---- Information given
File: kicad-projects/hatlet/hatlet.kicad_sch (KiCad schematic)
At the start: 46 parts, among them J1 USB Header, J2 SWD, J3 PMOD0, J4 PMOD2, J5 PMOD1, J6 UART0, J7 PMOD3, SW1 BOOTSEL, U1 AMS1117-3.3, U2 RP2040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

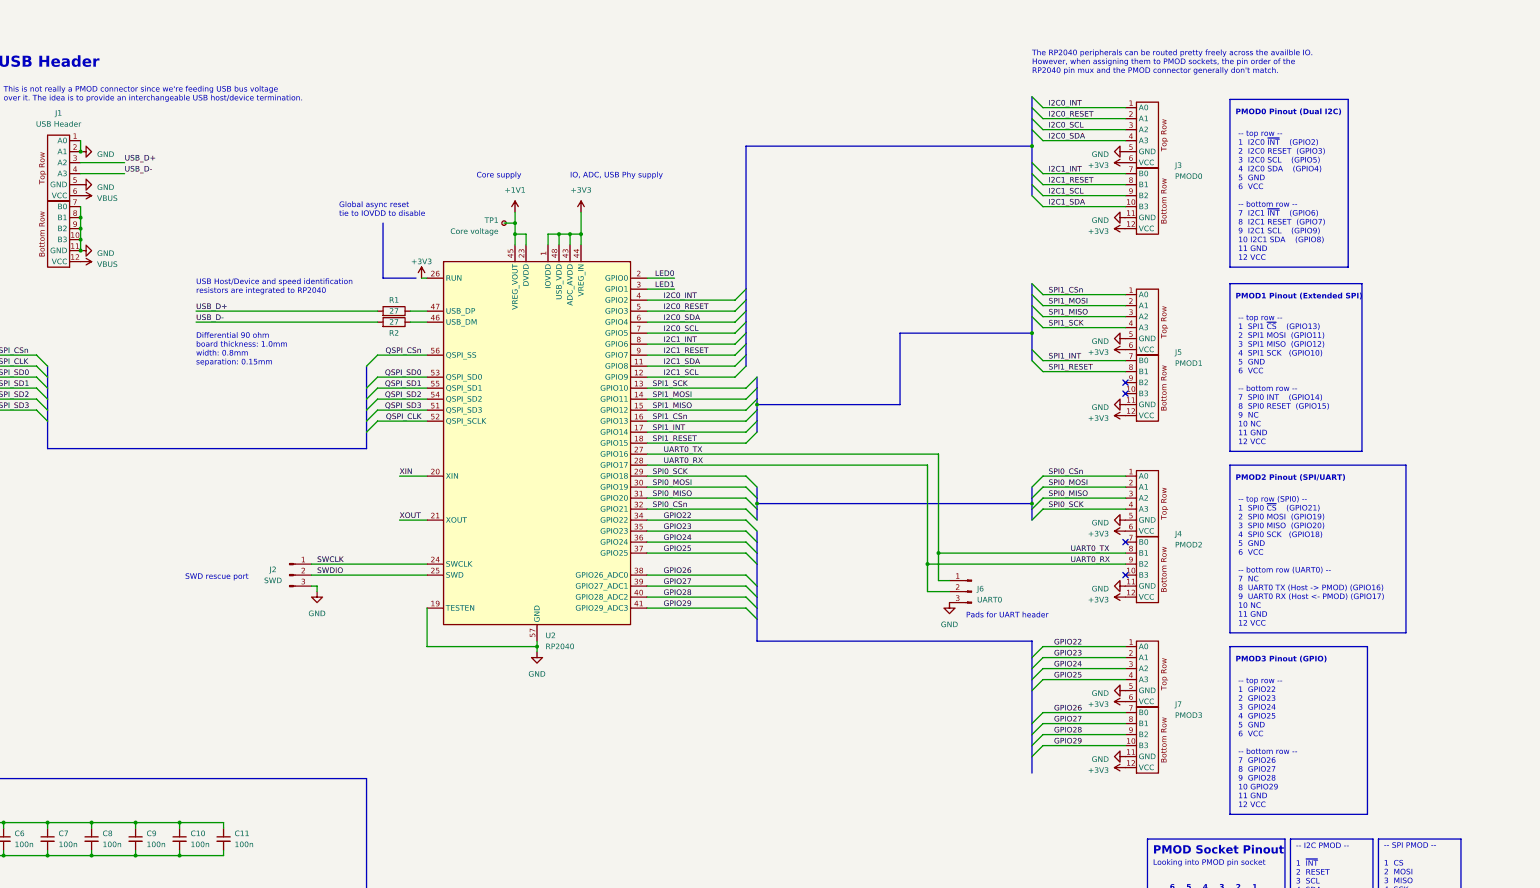
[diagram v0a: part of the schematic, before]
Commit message: Finish hatlet rev A layout
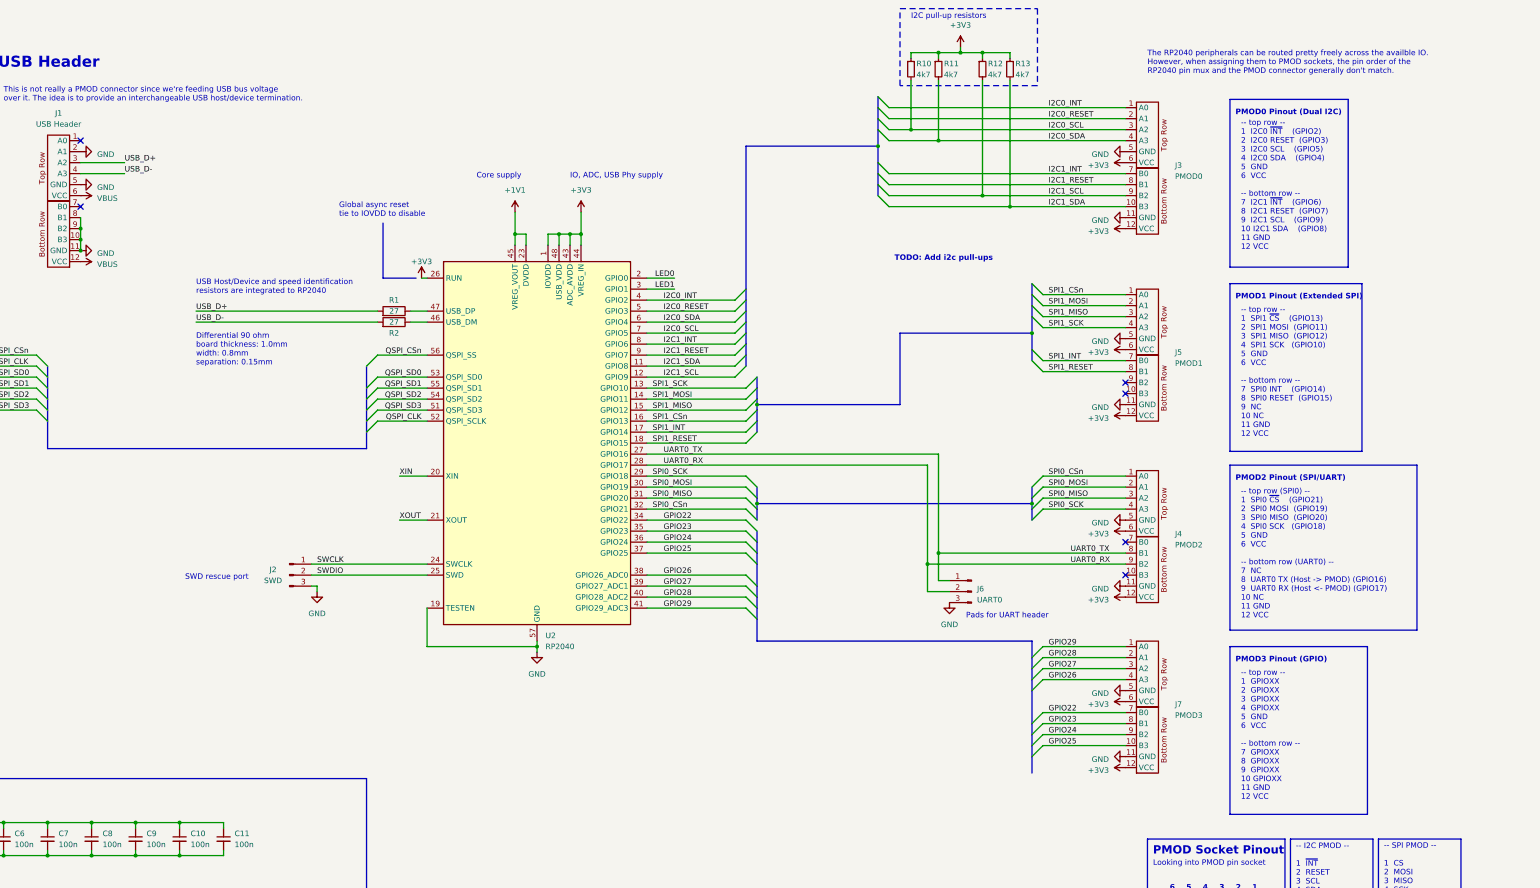
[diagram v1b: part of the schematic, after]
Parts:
- removed TP1: Core voltage, TestPoint:TestPoint_Pad_D1.0mm, symbol Connector:TestPoint_Small
- added R10, R11, R12, R13: 4k7, Resistor_SMD:R_0603_1608Metric, symbol Device:R_Small
- D1, D2, D3, D4: footprint LED_SMD:LED_0603_1608Metric -> LED_SMD:LED_0805_2012Metric
- J2, J6: footprint Connector_PinHeader_2.54mm:PinHeader_1x03_P2.54mm_Vertical -> Connector_PinHeader_2.54mm:PinHeader_1x03_P2.54mm_Horizontal
- U2: footprint Package_DFN_QFN:QFN-56-1EP_7x7mm_P0.4mm_EP3.2x3.2mm -> Package_DFN_QFN:QFN-56-1EP_7x7mm_P0.4mm_EP3.2x3.2mm_ThermalVias
- U3: footprint Package_SO:SOIC-8_5.23x5.23mm_P1.27mm -> Package_SO:SOIC-8_5.275x5.275mm_P1.27mm; lcsc (none) -> https://www.lcsc.com/product-detail/NOR-FLASH_Winbond-Elec-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
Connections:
- net +3V3: now also R10.1, R11.1, R12.1, R13.1
- net GND: no longer J1.1 (A0), J1.7 (B0)
- net GPIO22: now also J7.7 (B0); no longer J7.1 (A0)
- net GPIO23: now also J7.8 (B1); no longer J7.2 (A1)
- net GPIO24: now also J7.9 (B2); no longer J7.3 (A2)
- net GPIO25: now also J7.10 (B3); no longer J7.4 (A3)
- net GPIO26: now also J7.4 (A3); no longer J7.7 (B0)
- net GPIO27: now also J7.3 (A2); no longer J7.8 (B1)
- net GPIO28: now also J7.2 (A1); no longer J7.9 (B2)
- net GPIO29: now also J7.1 (A0); no longer J7.10 (B3)
- net I2C0_SCL: now also R10.2
- net I2C0_SDA: now also R11.2
- net I2C1_SCL: now also R12.2
- net I2C1_SDA: now also R13.2
- no-connect marks 4 -> 6
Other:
- note added: "-- top row -- 1 GPIOXX 2 GPIOXX 3 GPIOXX 4 GPIOXX 5 GND 6 VCC -- bottom row -- 7 GPIOXX 8 GPIOXX 9 GPIOXX 10 GPIOXX 11 GND 12 VCC"
- note added: "I2C pull-up resistors"
- note added: "TODO: Add i2c pull-ups"
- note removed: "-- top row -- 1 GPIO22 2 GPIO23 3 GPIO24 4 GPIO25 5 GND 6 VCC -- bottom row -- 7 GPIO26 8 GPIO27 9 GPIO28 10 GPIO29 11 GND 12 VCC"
--------
Exercise objective: Where the word "schematic" appears in a line of the entries, copy that line.

Solved problem:
File: kicad-projects/hatlet/hatlet.kicad_sch (KiCad schematic)
[diagram v0a: part of the schematic, before]
[diagram v1b: part of the schematic, after]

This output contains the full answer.